_EXERCISE DIRECTIONS_
Which lines run from the line with "import ezdxf" through the line with "layer by layer" in the entries below? Print them exactly, both ends included, and nothing more.

_MATERIAL TO PROCESS_

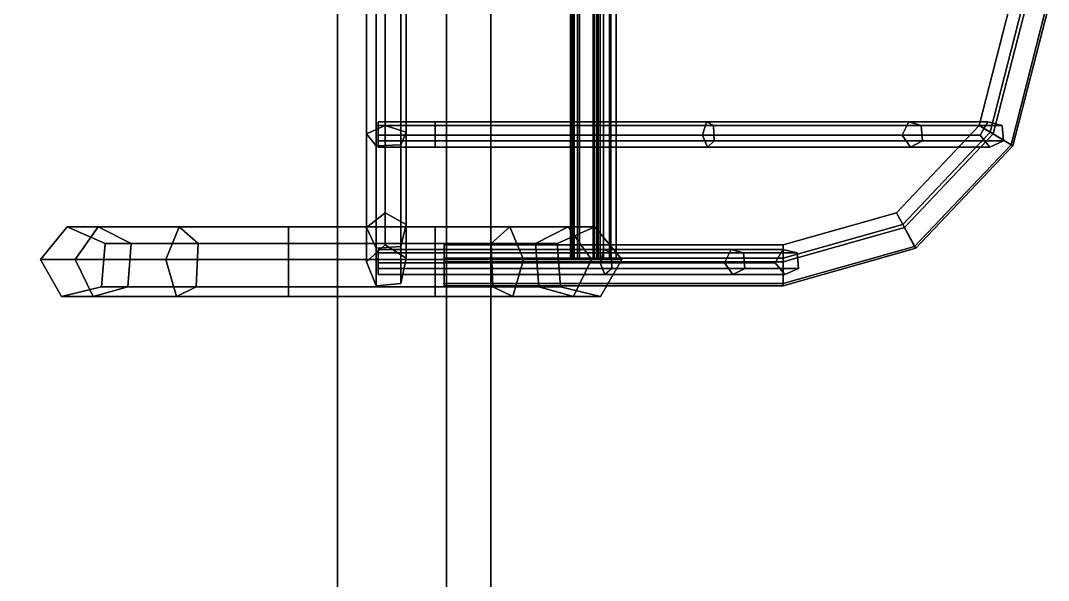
# Model space of a CAD drawing. Extents: x -9.3 to 15.5, y -7 to 5.4.
# Drawn here: x 13.627 to 15.513, y 3.029 to 4.055 of the extents above; entities that cross this region are included whole.
import ezdxf

# ---------------------------------------------------------------- set-up
doc = ezdxf.new("R2010")
doc.units = 0

msp = doc.modelspace()

# ---------------------------------------------------------------- linework, layer by layer
for points in [[(14.2088, 4.8, 5.5), (14.2088, -3.8, 5.5), (14.4902, -4.0814, 5.5), (14.4902, 5.0814, 5.5)], [(14.4902, 5.0814, 5.2631), (14.4902, -4.0814, 5.2631), (14.4088, -4, 5.2631), (14.4088, 5, 5.2631)], [(14.4902, 5.0814, 5.2631), (14.4902, 5.0814, 5.5), (14.4902, -4.0814, 5.5), (14.4902, -4.0814, 5.2631)], [(14.4088, -4, 1.1), (14.4088, -4), (14.4088, 5), (14.4088, 5, 1.1)], [(14.4088, -4, 5.2631), (14.4088, -4, 1.1), (14.4088, 5, 1.1), (14.4088, 5, 5.2631)], [(14.2088, -3.8, 4.7), (14.2088, 4.8, 4.7), (5.6088, 4.8, 4.7), (5.6088, -3.8, 4.7)], [(14.2088, 4.8, 4.7), (14.2088, -3.8, 4.7), (14.2088, -3.8, 5.5), (14.2088, 4.8, 5.5)], [(14.2622, 3.8474, 7.4456), (14.2622, 4.0797, 7.5053), (14.2963, 4.0797, 7.4756), (14.2963, 3.863, 7.42)], [(14.2798, 3.8255, 7.4816), (14.2798, 4.0797, 7.5468), (14.2622, 4.0797, 7.5053), (14.2622, 3.8474, 7.4456)], [(14.3248, 3.8276, 7.4782), (14.3248, 4.0797, 7.5429), (14.2798, 4.0797, 7.5468), (14.2798, 3.8255, 7.4816)], [(14.2963, 3.863, 7.42), (14.2963, 4.0797, 7.4756), (14.335, 4.0797, 7.4989), (14.335, 3.8507, 7.4401)], [(14.335, 3.8507, 7.4401), (14.335, 4.0797, 7.4989), (14.3248, 4.0797, 7.5429), (14.3248, 3.8276, 7.4782)], [(14.6363, 4.0797, 3.9762), (14.6402, 4.0797, 3.9312), (14.6402, 3.619, 3.9312), (14.6363, 3.619, 3.9762)], [(14.6778, 4.0797, 3.9938), (14.6363, 4.0797, 3.9762), (14.6363, 3.619, 3.9762), (14.6778, 3.619, 3.9938)], [(14.6363, 4.0797, 4.3581), (14.6402, 4.0797, 4.3132), (14.6402, 3.619, 4.3132), (14.6363, 3.619, 4.3581)], [(14.6778, 4.0797, 4.3758), (14.6363, 4.0797, 4.3581), (14.6363, 3.619, 4.3581), (14.6778, 3.619, 4.3758)], [(14.6363, 4.0797, 4.8188), (14.6402, 4.0797, 4.7738), (14.6402, 3.619, 4.7738), (14.6363, 3.619, 4.8188)], [(14.6778, 4.0797, 4.8364), (14.6363, 4.0797, 4.8188), (14.6363, 3.619, 4.8188), (14.6778, 3.619, 4.8364)], [(14.6363, 4.0797, 5.2007), (14.6402, 4.0797, 5.1558), (14.6402, 3.619, 5.1558), (14.6363, 3.619, 5.2007)], [(14.6778, 4.0797, 5.2184), (14.6363, 4.0797, 5.2007), (14.6363, 3.619, 5.2007), (14.6778, 3.619, 5.2184)], [(14.6388, 4.0797, 2.2903), (14.6427, 4.0797, 2.2453), (14.6427, 3.619, 2.2453), (14.6388, 3.619, 2.2903)], [(14.6803, 4.0797, 2.3079), (14.6388, 4.0797, 2.2903), (14.6388, 3.619, 2.2903), (14.6803, 3.619, 2.3079)], [(14.6388, 4.0797, 2.6722), (14.6427, 4.0797, 2.6273), (14.6427, 3.619, 2.6273), (14.6388, 3.619, 2.6722)], [(14.6803, 4.0797, 2.6899), (14.6388, 4.0797, 2.6722), (14.6388, 3.619, 2.6722), (14.6803, 3.619, 2.6899)], [(14.6388, 4.0797, 3.1329), (14.6427, 4.0797, 3.0879), (14.6427, 3.619, 3.0879), (14.6388, 3.619, 3.1329)], [(14.6803, 4.0797, 3.1505), (14.6388, 4.0797, 3.1329), (14.6388, 3.619, 3.1329), (14.6803, 3.619, 3.1505)], [(14.6388, 4.0797, 1.9412), (14.6427, 4.0797, 1.8962), (14.6427, 3.619, 1.8962), (14.6388, 3.619, 1.9412)], [(14.6803, 4.0797, 1.9589), (14.6388, 4.0797, 1.9412), (14.6388, 3.619, 1.9412), (14.6803, 3.619, 1.9589)], [(14.6402, 4.0797, 3.9312), (14.6842, 4.0797, 3.9211), (14.6842, 3.619, 3.9211), (14.6402, 3.619, 3.9312)], [(14.6402, 4.0797, 4.3132), (14.6842, 4.0797, 4.303), (14.6842, 3.619, 4.303), (14.6402, 3.619, 4.3132)], [(14.6402, 4.0797, 4.7738), (14.6842, 4.0797, 4.7637), (14.6842, 3.619, 4.7637), (14.6402, 3.619, 4.7738)], [(14.6402, 4.0797, 5.1558), (14.6842, 4.0797, 5.1456), (14.6842, 3.619, 5.1456), (14.6402, 3.619, 5.1558)], [(14.6427, 4.0797, 2.2453), (14.6867, 4.0797, 2.2352), (14.6867, 3.619, 2.2352), (14.6427, 3.619, 2.2453)], [(14.6427, 4.0797, 2.6273), (14.6867, 4.0797, 2.6171), (14.6867, 3.619, 2.6171), (14.6427, 3.619, 2.6273)], [(14.6427, 4.0797, 3.0879), (14.6867, 4.0797, 3.0778), (14.6867, 3.619, 3.0778), (14.6427, 3.619, 3.0879)], [(14.6427, 4.0797, 1.8962), (14.6867, 4.0797, 1.8861), (14.6867, 3.619, 1.8861), (14.6427, 3.619, 1.8962)], [(14.6491, 4.0797, 3.5149), (14.653, 4.0797, 3.4699), (14.653, 3.619, 3.4699), (14.6491, 3.619, 3.5149)], [(14.6906, 4.0797, 3.5325), (14.6491, 4.0797, 3.5149), (14.6491, 3.619, 3.5149), (14.6906, 3.619, 3.5325)], [(14.653, 4.0797, 3.4699), (14.697, 4.0797, 3.4597), (14.697, 3.619, 3.4597), (14.653, 3.619, 3.4699)], [(14.7075, 4.0797, 3.9597), (14.6778, 4.0797, 3.9938), (14.6778, 3.619, 3.9938), (14.7075, 3.619, 3.9597)], [(14.7075, 4.0797, 4.3417), (14.6778, 4.0797, 4.3758), (14.6778, 3.619, 4.3758), (14.7075, 3.619, 4.3417)], [(14.7075, 4.0797, 4.8024), (14.6778, 4.0797, 4.8364), (14.6778, 3.619, 4.8364), (14.7075, 3.619, 4.8024)], [(14.7075, 4.0797, 5.1843), (14.6778, 4.0797, 5.2184), (14.6778, 3.619, 5.2184), (14.7075, 3.619, 5.1843)], [(14.7099, 4.0797, 2.2739), (14.6803, 4.0797, 2.3079), (14.6803, 3.619, 2.3079), (14.7099, 3.619, 2.2739)], [(14.7099, 4.0797, 2.6558), (14.6803, 4.0797, 2.6899), (14.6803, 3.619, 2.6899), (14.7099, 3.619, 2.6558)], [(14.7099, 4.0797, 3.1165), (14.6803, 4.0797, 3.1505), (14.6803, 3.619, 3.1505), (14.7099, 3.619, 3.1165)], [(14.7099, 4.0797, 1.9248), (14.6803, 4.0797, 1.9589), (14.6803, 3.619, 1.9589), (14.7099, 3.619, 1.9248)], [(14.6842, 4.0797, 3.9211), (14.7075, 4.0797, 3.9597), (14.7075, 3.619, 3.9597), (14.6842, 3.619, 3.9211)], [(14.6842, 4.0797, 4.303), (14.7075, 4.0797, 4.3417), (14.7075, 3.619, 4.3417), (14.6842, 3.619, 4.303)], [(14.6842, 4.0797, 4.7637), (14.7075, 4.0797, 4.8024), (14.7075, 3.619, 4.8024), (14.6842, 3.619, 4.7637)], [(14.6842, 4.0797, 5.1456), (14.7075, 4.0797, 5.1843), (14.7075, 3.619, 5.1843), (14.6842, 3.619, 5.1456)], [(14.6867, 4.0797, 2.2352), (14.7099, 4.0797, 2.2739), (14.7099, 3.619, 2.2739), (14.6867, 3.619, 2.2352)], [(14.6867, 4.0797, 2.6171), (14.7099, 4.0797, 2.6558), (14.7099, 3.619, 2.6558), (14.6867, 3.619, 2.6171)], [(14.6867, 4.0797, 3.0778), (14.7099, 4.0797, 3.1165), (14.7099, 3.619, 3.1165), (14.6867, 3.619, 3.0778)], [(14.6867, 4.0797, 1.8861), (14.7099, 4.0797, 1.9248), (14.7099, 3.619, 1.9248), (14.6867, 3.619, 1.8861)], [(14.7202, 4.0797, 3.4984), (14.6906, 4.0797, 3.5325), (14.6906, 3.619, 3.5325), (14.7202, 3.619, 3.4984)], [(14.697, 4.0797, 3.4597), (14.7202, 4.0797, 3.4984), (14.7202, 3.619, 3.4984), (14.697, 3.619, 3.4597)], [(15.4117, 3.8474, 4.6173), (15.4714, 4.0797, 4.6173), (15.4417, 4.0797, 4.5832), (15.3861, 3.863, 4.5832)], [(15.3861, 3.863, 4.5832), (15.4417, 4.0797, 4.5832), (15.465, 4.0797, 4.5445), (15.4062, 3.8507, 4.5445)], [(15.4117, 3.8474, 2.9314), (15.4714, 4.0797, 2.9314), (15.4417, 4.0797, 2.8973), (15.3861, 3.863, 2.8973)], [(15.3861, 3.863, 2.8973), (15.4417, 4.0797, 2.8973), (15.465, 4.0797, 2.8586), (15.4062, 3.8507, 2.8586)], [(15.4062, 3.8507, 4.5445), (15.465, 4.0797, 4.5445), (15.509, 4.0797, 4.5547), (15.4443, 3.8276, 4.5547)], [(15.4062, 3.8507, 2.8586), (15.465, 4.0797, 2.8586), (15.509, 4.0797, 2.8688), (15.4443, 3.8276, 2.8688)], [(15.4477, 3.8255, 4.5996), (15.5129, 4.0797, 4.5996), (15.4714, 4.0797, 4.6173), (15.4117, 3.8474, 4.6173)], [(15.4477, 3.8255, 2.9138), (15.5129, 4.0797, 2.9138), (15.4714, 4.0797, 2.9314), (15.4117, 3.8474, 2.9314)], [(15.4443, 3.8276, 4.5547), (15.509, 4.0797, 4.5547), (15.5129, 4.0797, 4.5996), (15.4477, 3.8255, 4.5996)], [(15.4443, 3.8276, 2.8688), (15.509, 4.0797, 2.8688), (15.5129, 4.0797, 2.9138), (15.4477, 3.8255, 2.9138)], [(14.388, 3.8697, 7.4402), (14.2832, 3.8697, 7.4402), (14.2832, 3.8632, 7.4667), (14.388, 3.8632, 7.4667)], [(14.388, 3.8451, 7.4262), (14.2832, 3.8451, 7.4262), (14.2832, 3.8697, 7.4402), (14.388, 3.8697, 7.4402)], [(14.8856, 3.8697, 7.3205), (14.388, 3.8697, 7.4402), (14.388, 3.8632, 7.4667), (14.8988, 3.8632, 7.3435)], [(14.8786, 3.8451, 7.3084), (14.388, 3.8451, 7.4262), (14.388, 3.8697, 7.4402), (14.8856, 3.8697, 7.3205)], [(15.2445, 3.8451, 6.9612), (14.8786, 3.8451, 7.3084), (14.8856, 3.8697, 7.3205), (15.2567, 3.8697, 6.9682)], [(15.2567, 3.8697, 6.9682), (14.8856, 3.8697, 7.3205), (14.8988, 3.8632, 7.3435), (15.2796, 3.8632, 6.9814)], [(15.3878, 3.8451, 6.4775), (15.2445, 3.8451, 6.9612), (15.2567, 3.8697, 6.9682), (15.4018, 3.8697, 6.4775)], [(15.4018, 3.8697, 6.4775), (15.2567, 3.8697, 6.9682), (15.2796, 3.8632, 6.9814), (15.4283, 3.8632, 6.4775)], [(15.3878, 3.8451, 5.4775), (15.3878, 3.8451, 6.4775), (15.4018, 3.8697, 6.4775), (15.4018, 3.8697, 5.4775)], [(15.4018, 3.8697, 3.7904), (15.3878, 3.8451, 3.7904), (15.3878, 3.8451, 4.633), (15.4018, 3.8697, 4.633)], [(15.4018, 3.8697, 4.633), (15.3878, 3.8451, 4.633), (15.3878, 3.8451, 5.4756), (15.4018, 3.8697, 5.4756)], [(15.4018, 3.8697, 2.9065), (15.3878, 3.8451, 2.9065), (15.3878, 3.8451, 3.7897), (15.4018, 3.8697, 3.7897)], [(15.4018, 3.8697, 5.4775), (15.4018, 3.8697, 6.4775), (15.4283, 3.8632, 6.4775), (15.4283, 3.8632, 5.4775)], [(15.4283, 3.8632, 3.7904), (15.4018, 3.8697, 3.7904), (15.4018, 3.8697, 4.633), (15.4283, 3.8632, 4.633)], [(15.4283, 3.8632, 4.633), (15.4018, 3.8697, 4.633), (15.4018, 3.8697, 5.4756), (15.4283, 3.8632, 5.4756)], [(15.4283, 3.8632, 2.9065), (15.4018, 3.8697, 2.9065), (15.4018, 3.8697, 3.7897), (15.4283, 3.8632, 3.7897)], [(14.2622, 3.6758, 7.2826), (14.2622, 3.8474, 7.4456), (14.2963, 3.863, 7.42), (14.2963, 3.7028, 7.2678)], [(14.2798, 3.6379, 7.3034), (14.2798, 3.8255, 7.4816), (14.2622, 3.8474, 7.4456), (14.2622, 3.6758, 7.2826)], [(14.388, 3.8632, 7.4667), (14.2832, 3.8632, 7.4667), (14.2832, 3.8347, 7.4691), (14.388, 3.8347, 7.4691)], [(14.2963, 3.7028, 7.2678), (14.2963, 3.863, 7.42), (14.335, 3.8507, 7.4401), (14.335, 3.6816, 7.2795)], [(14.335, 3.6816, 7.2795), (14.335, 3.8507, 7.4401), (14.3248, 3.8276, 7.4782), (14.3248, 3.6414, 7.3014)], [(14.8988, 3.8632, 7.3435), (14.388, 3.8632, 7.4667), (14.388, 3.8347, 7.4691), (14.9, 3.8347, 7.3456)], [(15.2796, 3.8632, 6.9814), (14.8988, 3.8632, 7.3435), (14.9, 3.8347, 7.3456), (15.2817, 3.8347, 6.9826)], [(15.2487, 3.6758, 4.6173), (15.4117, 3.8474, 4.6173), (15.3861, 3.863, 4.5832), (15.2339, 3.7028, 4.5832)], [(15.2339, 3.7028, 4.5832), (15.3861, 3.863, 4.5832), (15.4062, 3.8507, 4.5445), (15.2456, 3.6816, 4.5445)], [(15.2487, 3.6758, 2.9314), (15.4117, 3.8474, 2.9314), (15.3861, 3.863, 2.8973), (15.2339, 3.7028, 2.8973)], [(15.2339, 3.7028, 2.8973), (15.3861, 3.863, 2.8973), (15.4062, 3.8507, 2.8586), (15.2456, 3.6816, 2.8586)], [(15.2456, 3.6816, 4.5445), (15.4062, 3.8507, 4.5445), (15.4443, 3.8276, 4.5547), (15.2675, 3.6414, 4.5547)], [(15.2456, 3.6816, 2.8586), (15.4062, 3.8507, 2.8586), (15.4443, 3.8276, 2.8688), (15.2675, 3.6414, 2.8688)], [(15.2695, 3.6379, 4.5996), (15.4477, 3.8255, 4.5996), (15.4117, 3.8474, 4.6173), (15.2487, 3.6758, 4.6173)], [(15.2695, 3.6379, 2.9138), (15.4477, 3.8255, 2.9138), (15.4117, 3.8474, 2.9314), (15.2487, 3.6758, 2.9314)], [(15.4283, 3.8632, 6.4775), (15.2796, 3.8632, 6.9814), (15.2817, 3.8347, 6.9826), (15.4307, 3.8347, 6.4775)], [(15.4283, 3.8632, 5.4775), (15.4283, 3.8632, 6.4775), (15.4307, 3.8347, 6.4775), (15.4307, 3.8347, 5.4775)], [(15.4307, 3.8347, 3.7904), (15.4283, 3.8632, 3.7904), (15.4283, 3.8632, 4.633), (15.4307, 3.8347, 4.633)], [(15.4307, 3.8347, 4.633), (15.4283, 3.8632, 4.633), (15.4283, 3.8632, 5.4756), (15.4307, 3.8347, 5.4756)], [(15.4307, 3.8347, 2.9065), (15.4283, 3.8632, 2.9065), (15.4283, 3.8632, 3.7897), (15.4307, 3.8347, 3.7897)], [(14.388, 3.8235, 7.444), (14.2832, 3.8235, 7.444), (14.2832, 3.8451, 7.4262), (14.388, 3.8451, 7.4262)], [(14.388, 3.8347, 7.4691), (14.2832, 3.8347, 7.4691), (14.2832, 3.8235, 7.444), (14.388, 3.8235, 7.444)], [(14.8875, 3.8235, 7.3239), (14.388, 3.8235, 7.444), (14.388, 3.8451, 7.4262), (14.8786, 3.8451, 7.3084)], [(14.9, 3.8347, 7.3456), (14.388, 3.8347, 7.4691), (14.388, 3.8235, 7.444), (14.8875, 3.8235, 7.3239)], [(15.26, 3.8235, 6.9701), (14.8875, 3.8235, 7.3239), (14.8786, 3.8451, 7.3084), (15.2445, 3.8451, 6.9612)], [(15.2817, 3.8347, 6.9826), (14.9, 3.8347, 7.3456), (14.8875, 3.8235, 7.3239), (15.26, 3.8235, 6.9701)], [(15.4057, 3.8235, 6.4775), (15.26, 3.8235, 6.9701), (15.2445, 3.8451, 6.9612), (15.3878, 3.8451, 6.4775)], [(15.4307, 3.8347, 6.4775), (15.2817, 3.8347, 6.9826), (15.26, 3.8235, 6.9701), (15.4057, 3.8235, 6.4775)], [(15.4057, 3.8235, 5.4775), (15.4057, 3.8235, 6.4775), (15.3878, 3.8451, 6.4775), (15.3878, 3.8451, 5.4775)], [(15.3878, 3.8451, 3.7904), (15.4057, 3.8235, 3.7904), (15.4057, 3.8235, 4.633), (15.3878, 3.8451, 4.633)], [(15.3878, 3.8451, 4.633), (15.4057, 3.8235, 4.633), (15.4057, 3.8235, 5.4756), (15.3878, 3.8451, 5.4756)], [(15.3878, 3.8451, 2.9065), (15.4057, 3.8235, 2.9065), (15.4057, 3.8235, 3.7897), (15.3878, 3.8451, 3.7897)], [(15.4307, 3.8347, 5.4775), (15.4307, 3.8347, 6.4775), (15.4057, 3.8235, 6.4775), (15.4057, 3.8235, 5.4775)], [(15.4057, 3.8235, 3.7904), (15.4307, 3.8347, 3.7904), (15.4307, 3.8347, 4.633), (15.4057, 3.8235, 4.633)], [(15.4057, 3.8235, 4.633), (15.4307, 3.8347, 4.633), (15.4307, 3.8347, 5.4756), (15.4057, 3.8235, 5.4756)], [(15.4057, 3.8235, 2.9065), (15.4307, 3.8347, 2.9065), (15.4307, 3.8347, 3.7897), (15.4057, 3.8235, 3.7897)], [(14.3248, 3.6414, 7.3014), (14.3248, 3.8276, 7.4782), (14.2798, 3.8255, 7.4816), (14.2798, 3.6379, 7.3034)], [(15.2675, 3.6414, 4.5547), (15.4443, 3.8276, 4.5547), (15.4477, 3.8255, 4.5996), (15.2695, 3.6379, 4.5996)], [(15.2675, 3.6414, 2.8688), (15.4443, 3.8276, 2.8688), (15.4477, 3.8255, 2.9138), (15.2695, 3.6379, 2.9138)], [(14.2622, 3.6129, 7.06), (14.2622, 3.6758, 7.2826), (14.2963, 3.7028, 7.2678), (14.2963, 3.6441, 7.06)], [(14.2963, 3.6441, 7.06), (14.2963, 3.7028, 7.2678), (14.335, 3.6816, 7.2795), (14.335, 3.6196, 7.06)], [(15.0261, 3.6441, 4.5832), (15.2339, 3.7028, 4.5832), (15.2456, 3.6816, 4.5445), (15.0261, 3.6196, 4.5445)], [(15.0261, 3.6129, 4.6173), (15.2487, 3.6758, 4.6173), (15.2339, 3.7028, 4.5832), (15.0261, 3.6441, 4.5832)], [(15.0261, 3.6441, 2.8973), (15.2339, 3.7028, 2.8973), (15.2456, 3.6816, 2.8586), (15.0261, 3.6196, 2.8586)], [(15.0261, 3.6129, 2.9314), (15.2487, 3.6758, 2.9314), (15.2339, 3.7028, 2.8973), (15.0261, 3.6441, 2.8973)], [(13.77, 3.6773, 6.5259), (13.7131, 3.6773, 6.3276), (13.6637, 3.6175, 6.3276), (13.7273, 3.6175, 6.5506)], [(13.7131, 3.6773, 6.3276), (13.7131, 3.6773, 4.6014), (13.6637, 3.6175, 4.6014), (13.6637, 3.6175, 6.3276)], [(13.83, 3.6464, 6.4913), (13.7824, 3.6464, 6.3276), (13.7131, 3.6773, 6.3276), (13.77, 3.6773, 6.5259)], [(13.7824, 3.6464, 6.3276), (13.7824, 3.6464, 4.6014), (13.7131, 3.6773, 4.6014), (13.7131, 3.6773, 6.3276)], [(13.9185, 3.6773, 6.6692), (13.77, 3.6773, 6.5259), (13.7273, 3.6175, 6.5506), (13.8938, 3.6175, 6.712)], [(13.9531, 3.6464, 6.6093), (13.83, 3.6464, 6.4913), (13.77, 3.6773, 6.5259), (13.9185, 3.6773, 6.6692)], [(14.1187, 3.6773, 6.7191), (13.9185, 3.6773, 6.6692), (13.8938, 3.6175, 6.712), (14.1187, 3.6175, 6.7685)], [(14.1187, 3.6464, 6.6499), (13.9531, 3.6464, 6.6093), (13.9185, 3.6773, 6.6692), (14.1187, 3.6773, 6.7191)], [(14.388, 3.6773, 6.7191), (14.1187, 3.6773, 6.7191), (14.1187, 3.6175, 6.7685), (14.388, 3.6175, 6.7685)], [(14.388, 3.6464, 6.6499), (14.1187, 3.6464, 6.6499), (14.1187, 3.6773, 6.7191), (14.388, 3.6773, 6.7191)], [(14.335, 3.6196, 7.06), (14.335, 3.6816, 7.2795), (14.3248, 3.6414, 7.3014), (14.3248, 3.5733, 7.06)], [(14.5251, 3.6773, 6.6961), (14.388, 3.6773, 6.7191), (14.388, 3.6175, 6.7685), (14.5497, 3.6175, 6.7388)], [(14.4904, 3.6464, 6.6361), (14.388, 3.6464, 6.6499), (14.388, 3.6773, 6.7191), (14.5251, 3.6773, 6.6961)], [(14.5722, 3.6464, 6.573), (14.4904, 3.6464, 6.6361), (14.5251, 3.6773, 6.6961), (14.6322, 3.6773, 6.6076)], [(14.6322, 3.6773, 6.6076), (14.5251, 3.6773, 6.6961), (14.5497, 3.6175, 6.7388), (14.6749, 3.6175, 6.6323)], [(14.6115, 3.6464, 6.4775), (14.5722, 3.6464, 6.573), (14.6322, 3.6773, 6.6076), (14.6808, 3.6773, 6.4775)], [(14.6115, 3.6464, 5.4775), (14.6115, 3.6464, 6.4775), (14.6808, 3.6773, 6.4775), (14.6808, 3.6773, 5.4775)], [(14.6808, 3.6773, 3.7904), (14.6115, 3.6464, 3.7904), (14.6115, 3.6464, 4.633), (14.6808, 3.6773, 4.633)], [(14.6808, 3.6773, 4.633), (14.6115, 3.6464, 4.633), (14.6115, 3.6464, 5.4756), (14.6808, 3.6773, 5.4756)], [(14.6808, 3.6773, 0.7816), (14.6115, 3.6464, 0.7816), (14.6115, 3.6464, 2.9471), (14.6808, 3.6773, 2.9471)], [(14.6808, 3.6773, 2.9471), (14.6115, 3.6464, 2.9471), (14.6115, 3.6464, 3.7897), (14.6808, 3.6773, 3.7897)], [(14.6808, 3.6773, 6.4775), (14.6322, 3.6773, 6.6076), (14.6749, 3.6175, 6.6323), (14.7301, 3.6175, 6.4775)], [(14.6808, 3.6773, 5.4775), (14.6808, 3.6773, 6.4775), (14.7301, 3.6175, 6.4775), (14.7301, 3.6175, 5.4775)], [(14.7301, 3.6175, 3.7904), (14.6808, 3.6773, 3.7904), (14.6808, 3.6773, 4.633), (14.7301, 3.6175, 4.633)], [(14.7301, 3.6175, 4.633), (14.6808, 3.6773, 4.633), (14.6808, 3.6773, 5.4756), (14.7301, 3.6175, 5.4756)], [(14.7301, 3.6175, 0.7816), (14.6808, 3.6773, 0.7816), (14.6808, 3.6773, 2.9471), (14.7301, 3.6175, 2.9471)], [(14.7301, 3.6175, 2.9471), (14.6808, 3.6773, 2.9471), (14.6808, 3.6773, 3.7897), (14.7301, 3.6175, 3.7897)], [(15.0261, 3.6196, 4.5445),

_RESPONSE FOR THIS EXERCISE_
import ezdxf

# ---------------------------------------------------------------- set-up
doc = ezdxf.new("R2010")
doc.units = 0

msp = doc.modelspace()

# ---------------------------------------------------------------- linework, layer by layer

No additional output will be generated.